Promoter Interview: Derby DIY Collective

Derby DIY Collective is made up of Dean Wheeler and Rob Fisher. Based in Derby, the promoters put on a wealth of amazing shows, from local DIY bands to huge touring acts. We had a chat with Dean about his experiences.

How did you get into the DIY scene?
There used to be a collective in derby that ran under the name Ponce in the early 00s. Headed by Jodie and Laura from when they were in their mid teens to early twenties, they brought DIY alive for me, and made me want, and need, to be part of it. They ran weekly events to fund raise for an open air festival, Ponce in the Park, and several other large events through the year. They had so many people who fell in love with their spirit and energy; every week you’d have a huge community of like-minded people rock up to various venues, (or just any building with floorspace for a drum kit) across Derby to see some amazing touring and local acts, DJs and all night parties. Such a huge group of friends – you could write a book on them alone. I’d love it if social media was as strong back then, just to see the photos…. maybe.

How did you get into promoting?
I was living and working in derby and a few friends moved here to study. We all had a love for the same bands and music scene. They started a collective called We Get Lively in 2005 (I think) and I joined them for their/our second show. We had a really decent go at it and put on some of our favourite bands such as Latterman, Grabass Charlestons, the Jesus Years and half the No Idea Records roster at the time, but as people finished their courses and moved away we decided to call it quits. I carried on for a few years on my own (Planes Mistaken for Stars, Mates of State, Peter Bjorn and Fucking John – long story) but I lost my love for it a little (after those clowns Peter Bjorn and John – long story) and in 2009 I met Rob in a nightclub in Drby. Derby DIY was soon born and we’ve been having a rad time of it since!

How did you establish yourselves as well known promoters?
Drinking a lot and being around people! With me having a bit of history of being around the scene for a while and me being 50 years older than rob we kind of bring two age groups together.
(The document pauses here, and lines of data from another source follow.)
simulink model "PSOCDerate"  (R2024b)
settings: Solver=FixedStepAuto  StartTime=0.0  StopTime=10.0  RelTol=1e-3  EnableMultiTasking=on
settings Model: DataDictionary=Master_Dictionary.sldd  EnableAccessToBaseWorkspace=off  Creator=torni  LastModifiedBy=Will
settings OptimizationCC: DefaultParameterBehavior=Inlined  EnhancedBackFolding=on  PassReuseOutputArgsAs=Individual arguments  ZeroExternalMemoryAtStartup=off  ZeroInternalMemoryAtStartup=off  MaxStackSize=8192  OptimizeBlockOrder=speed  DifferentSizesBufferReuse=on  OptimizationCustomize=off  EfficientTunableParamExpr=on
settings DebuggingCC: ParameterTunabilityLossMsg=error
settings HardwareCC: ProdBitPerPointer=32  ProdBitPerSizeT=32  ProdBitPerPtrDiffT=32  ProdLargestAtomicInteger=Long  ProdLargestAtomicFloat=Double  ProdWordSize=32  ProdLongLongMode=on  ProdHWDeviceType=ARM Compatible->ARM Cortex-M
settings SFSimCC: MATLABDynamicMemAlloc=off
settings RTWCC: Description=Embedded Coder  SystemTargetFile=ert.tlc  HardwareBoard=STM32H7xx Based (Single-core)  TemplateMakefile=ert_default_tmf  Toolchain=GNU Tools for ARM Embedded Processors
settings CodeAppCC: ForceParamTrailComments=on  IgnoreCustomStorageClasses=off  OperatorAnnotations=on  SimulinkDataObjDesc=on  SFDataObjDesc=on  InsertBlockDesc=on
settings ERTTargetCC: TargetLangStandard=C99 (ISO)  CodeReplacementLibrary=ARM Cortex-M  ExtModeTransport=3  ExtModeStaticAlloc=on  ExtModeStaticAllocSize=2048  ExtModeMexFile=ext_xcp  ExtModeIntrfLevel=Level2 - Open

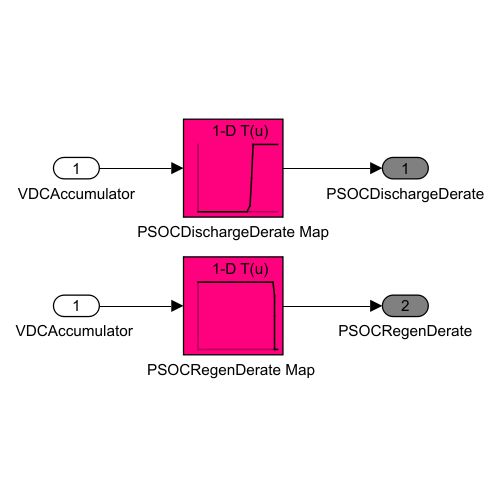
[thumbnail: Simulink's stored preview of the top-level diagram]
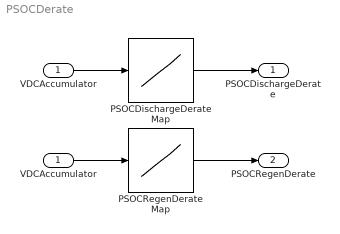
== system PSOCDerate ==
  VDCAccumulator : Inport  OutDataTypeStr=double
  PSOCDischargeDerate Map : Lookup_n-D  NumberOfTableDimensions=1  BreakpointsForDimension1=[0,377,390,403,416,600]  Table=[0,0,7.8,39,78,78]  InternalRulePriority=Speed  RndMeth=Simplest
  "PSOCRegenDerate Map " : Lookup_n-D  NumberOfTableDimensions=1  BreakpointsForDimension1=[0,569,574,576,578,600]  Table=[100,100,80,50,0,0]  InternalRulePriority=Speed  RndMeth=Simplest
  "VDCAccumulator " : InportShadow  OutDataTypeStr=double
  PSOCDischargeDerate : Outport  OutDataTypeStr=double  VectorParamsAs1DForOutWhenUnconnected=off
  PSOCRegenDerate : Outport  Port=2  OutDataTypeStr=double  VectorParamsAs1DForOutWhenUnconnected=off
  wires:
  VDCAccumulator/1 -> PSOCDischargeDerate Map/1
  PSOCDischargeDerate Map/1 -> PSOCDischargeDerate/1
  "PSOCRegenDerate Map "/1 -> PSOCRegenDerate/1
  "VDCAccumulator "/1 -> "PSOCRegenDerate Map "/1
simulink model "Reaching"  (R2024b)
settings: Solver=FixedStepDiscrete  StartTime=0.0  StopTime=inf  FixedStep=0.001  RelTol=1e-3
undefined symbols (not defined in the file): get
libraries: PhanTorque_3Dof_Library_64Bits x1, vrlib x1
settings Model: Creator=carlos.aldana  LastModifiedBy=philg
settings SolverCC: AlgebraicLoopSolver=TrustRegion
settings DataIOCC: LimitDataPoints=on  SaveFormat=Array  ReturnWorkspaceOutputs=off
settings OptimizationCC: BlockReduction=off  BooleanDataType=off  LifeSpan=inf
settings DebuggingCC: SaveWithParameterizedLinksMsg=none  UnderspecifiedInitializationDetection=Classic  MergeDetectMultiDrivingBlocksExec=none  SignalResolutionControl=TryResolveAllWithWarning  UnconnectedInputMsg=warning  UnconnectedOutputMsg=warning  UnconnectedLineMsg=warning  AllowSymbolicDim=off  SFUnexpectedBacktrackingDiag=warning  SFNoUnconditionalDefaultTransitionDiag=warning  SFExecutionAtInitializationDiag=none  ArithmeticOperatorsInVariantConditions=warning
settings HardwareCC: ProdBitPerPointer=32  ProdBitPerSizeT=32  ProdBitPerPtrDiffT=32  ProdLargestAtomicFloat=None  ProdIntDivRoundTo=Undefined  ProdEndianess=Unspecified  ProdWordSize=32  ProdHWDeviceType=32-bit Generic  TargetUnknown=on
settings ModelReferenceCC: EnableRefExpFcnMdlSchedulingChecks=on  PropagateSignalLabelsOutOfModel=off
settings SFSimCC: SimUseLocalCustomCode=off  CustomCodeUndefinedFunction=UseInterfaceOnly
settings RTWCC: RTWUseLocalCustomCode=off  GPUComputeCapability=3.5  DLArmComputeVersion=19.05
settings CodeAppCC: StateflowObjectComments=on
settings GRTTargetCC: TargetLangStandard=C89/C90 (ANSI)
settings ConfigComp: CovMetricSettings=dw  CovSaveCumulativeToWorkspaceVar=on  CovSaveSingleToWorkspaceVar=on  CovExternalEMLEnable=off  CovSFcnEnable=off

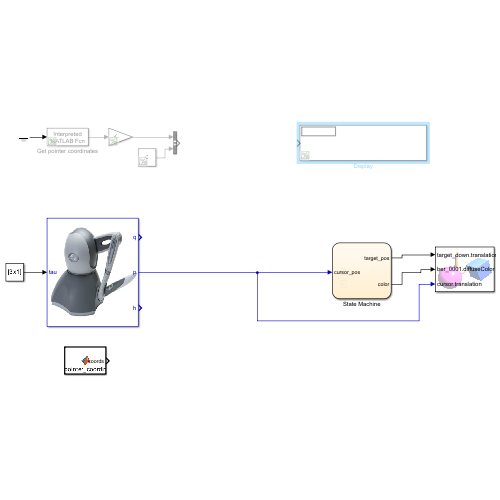
[thumbnail: Simulink's stored preview of the top-level diagram]
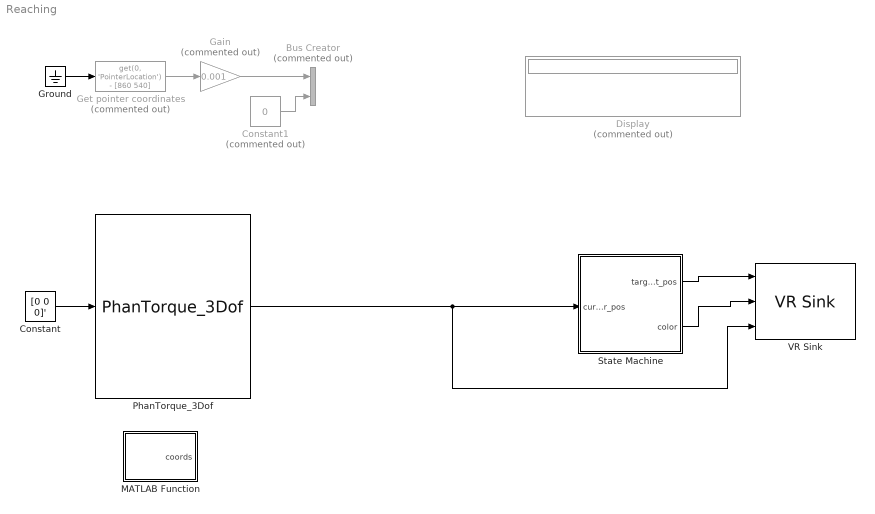
== system Reaching ==
  Bus Creator : BusCreator  Commented=on  Inputs=2
  Constant : Constant  Value=[0 0 0]'
  Constant1 : Constant  Commented=on  Value=0
  Display : Display  Commented=on
  Gain : Gain  Commented=on  Gain=0.001
  Get pointer coordinates : MATLABFcn  Commented=on  MATLABFcn=get(0, 'PointerLocation') - [860 540]  OutputDimensions=2
  Ground : Ground
  MATLAB Function : MATLAB Function  TreatAsAtomicUnit=on
  PhanTorque_3Dof : PhanTorque_3Dof_Library_64Bits/PhanTorque_3Dof  Haptic_Name='Default Device'
  State Machine : Stateflow chart  TreatAsAtomicUnit=on
  VR Sink : vrlib/VR Sink  InstantiateOnLoad=on  SampleTime=0.1  ViewEnable=on  RemoteChange=off  RemoteView=off  FieldsWritten=target_down.translation.3.1.1.double#ber_0001.diffuseColor.3.1.1.double#cursor.translation.3.1.1.double  WorldFileName=VR_centerAndTarget.wrl  AutoView=off  VideoDimensions=[]  AllowVariableSize=off
  wires:
  Get pointer coordinates/1 -> Gain/1
  Ground/1 -> Get pointer coordinates/1
  State Machine/1(target_pos) -> VR Sink/1
  State Machine/2(color) -> VR Sink/2
  Constant/1 -> PhanTorque_3Dof/1
  Gain/1 -> Bus Creator/1
  Constant1/1 -> Bus Creator/2
  PhanTorque_3Dof/2 -> VR Sink/3, State Machine/1(cursor_pos)

== stateflow chart Reaching/State Machine ==
  state Initializing [commented out]
    entry:
    counter = 0;
    time = 0;
    color = [0 1 1];
    radius = 0.1;
  state HOME2 [commented out]
    target_pos=[0,0,0]';
    target_color=[1 0 0];
  state WAIT_HOME1 [commented out]
  state REACHING2 [commented out]
    % Calcola un target random sul cerchio di raggio 0.1m (10cm)
    theta = rand() * 2 * pi;
    target_pos = [0.1 * cos(theta); 0.1 * sin(theta); 0];
  state INIT
    entry:
    counter = 0;
    radius = 0.1;
    target_pos = [0 0 0];
    color = [1 0 0]; % Rosso
  state FEEDBACK2 [commented out]
    target_color = [0 1 0];  % Diventa Verde
  state New_target [commented out]
    entry:
  state Finish1 [commented out]
  state GO_HOME
    entry:
    target_pos = [0 0 0];
    color = [1 0 0]; % Rosso
  state HOLD_HOME
    color = [0 1 0]; % Verde (Holding)
  state CALC_NEW_TARGET
    % Calcola l'angolo: 0, 45, 90...
    entry:
    theta = randi(8) * (pi/4);
    target_pos(1) = radius * cos(theta);
    target_pos(2) = radius * sin(theta);
    target_pos(3) = 0;
    color = [1 0 1]; % Magenta target attivo)
  state REACHING
    entry:
    color = [1 0 1]; % Forza Magenta
  state HOLD_TARGET
    entry:
    color = [0 1 0]; % Verde (Preso!)
  state FINISH
    entry:
    target_pos = [0 0 0];
    color = [0 0 1]; % Blu (Finito tutto)
  (default) -> Initializing [commented out]
  Initializing -> HOME2 [commented out]
  FEEDBACK2 -> HOME2 [commented out] : [after(1,sec)]{counter = counter + 1}
  HOME2 -> WAIT_HOME1 [commented out] : [norm(cursor_pos-target_pos) < 0.005]
  WAIT_HOME1 -> REACHING2 [commented out] : [after(1,sec)]
  REACHING2 -> FEEDBACK2 [commented out] : [norm(cursor_pos - target_pos) < 0.005]
  (default) -> INIT
  FEEDBACK2 -> Finish1 [commented out] : [counter >= 10]
  INIT -> GO_HOME
  (junction 43) -> GO_HOME [order 2]
  GO_HOME -> HOLD_HOME : [sqrt((cursor_pos(1)-target_pos(1))^2 + (cursor_pos(2)-target_pos(2))^2) < 0.02]
  HOLD_HOME -> CALC_NEW_TARGET : after(2,sec)
  CALC_NEW_TARGET -> REACHING
  REACHING -> HOLD_TARGET : [[sqrt((cursor_pos(1)-target_pos(1))^2 + (cursor_pos(2)-target_pos(2))^2) < 0.02]]
  HOLD_TARGET -> (junction 43) : [after(1, sec)]{counter = counter + 1;}
  (junction 43) -> FINISH [order 1] : [counter >= 8]
  data: data local; radius local; theta local; target_pos output; target_color local; counter local; angle local; color output =[1 0 0]; time local; cursor_pos input size=[3 1]

== matlab function Reaching/MATLAB Function ==
  data: coords output
% function coords = get_pointer_coordinates
%     coords = get(0, 'PointerLocation'); 



function coords = get_pointer_coordinates
    % Diciamo a Simulink che 'get' è una funzione esterna
    coder.extrinsic('get');
    
    % Dobbiamo inizializzare la variabile (altrimenti Simulink non sa quanto è grande)
    temp = zeros(1, 2); 
    
    % Leggiamo il mouse
    temp = get(0, 'PointerLocation');
    
    % Aggiungiamo uno zero per la Z (perché il robot vuole X, Y, Z)
    % e trasponiamo con l'apice ' per avere un vettore colonna
    coords = [temp, 0]'; 
end

I had a few contacts at agencies, and venues from my previous attempts at building a scene in Derby, and Rob has awesome design skills and knows a lot of the new bands on the scene – as well as us also having a large bunch of supportive friends. I’ll book Leatherface whilst he’s sorting a deal for The Menzingers. It just clicks and on the night we somehow manage to pull things together. It’s been great meeting so many of our favourite people and bands from Laura Stevenson & Into It Over It, to Off With Their Heads, Grown Ups, and Bomb The Music Industry, etc [full list on]. It’s been a lot easier since we found a permanent home at The Victoria Inn in Derby. They’re very supportive and putting on shows in a known venue has its perks with getting the word out and set up. I think it’s helped us to become a known “brand” if you want to call us that and make us sick.

What was your first show?
We got together in 2009, and our first show was 2010 with Franz Nicolay, Cynics (I think it was Giles’ first show out of london and before they became a full band), and Joe Slater. It was in a small coffee shop and we just got drunk, scrounged for equipment from locals and a venue down the road, and somehow made it sound passable for a show. It was pretty much a donation based gig and we had a great time. I think we gave Franz too much red wine though. It went well enough for us to still be doing this today!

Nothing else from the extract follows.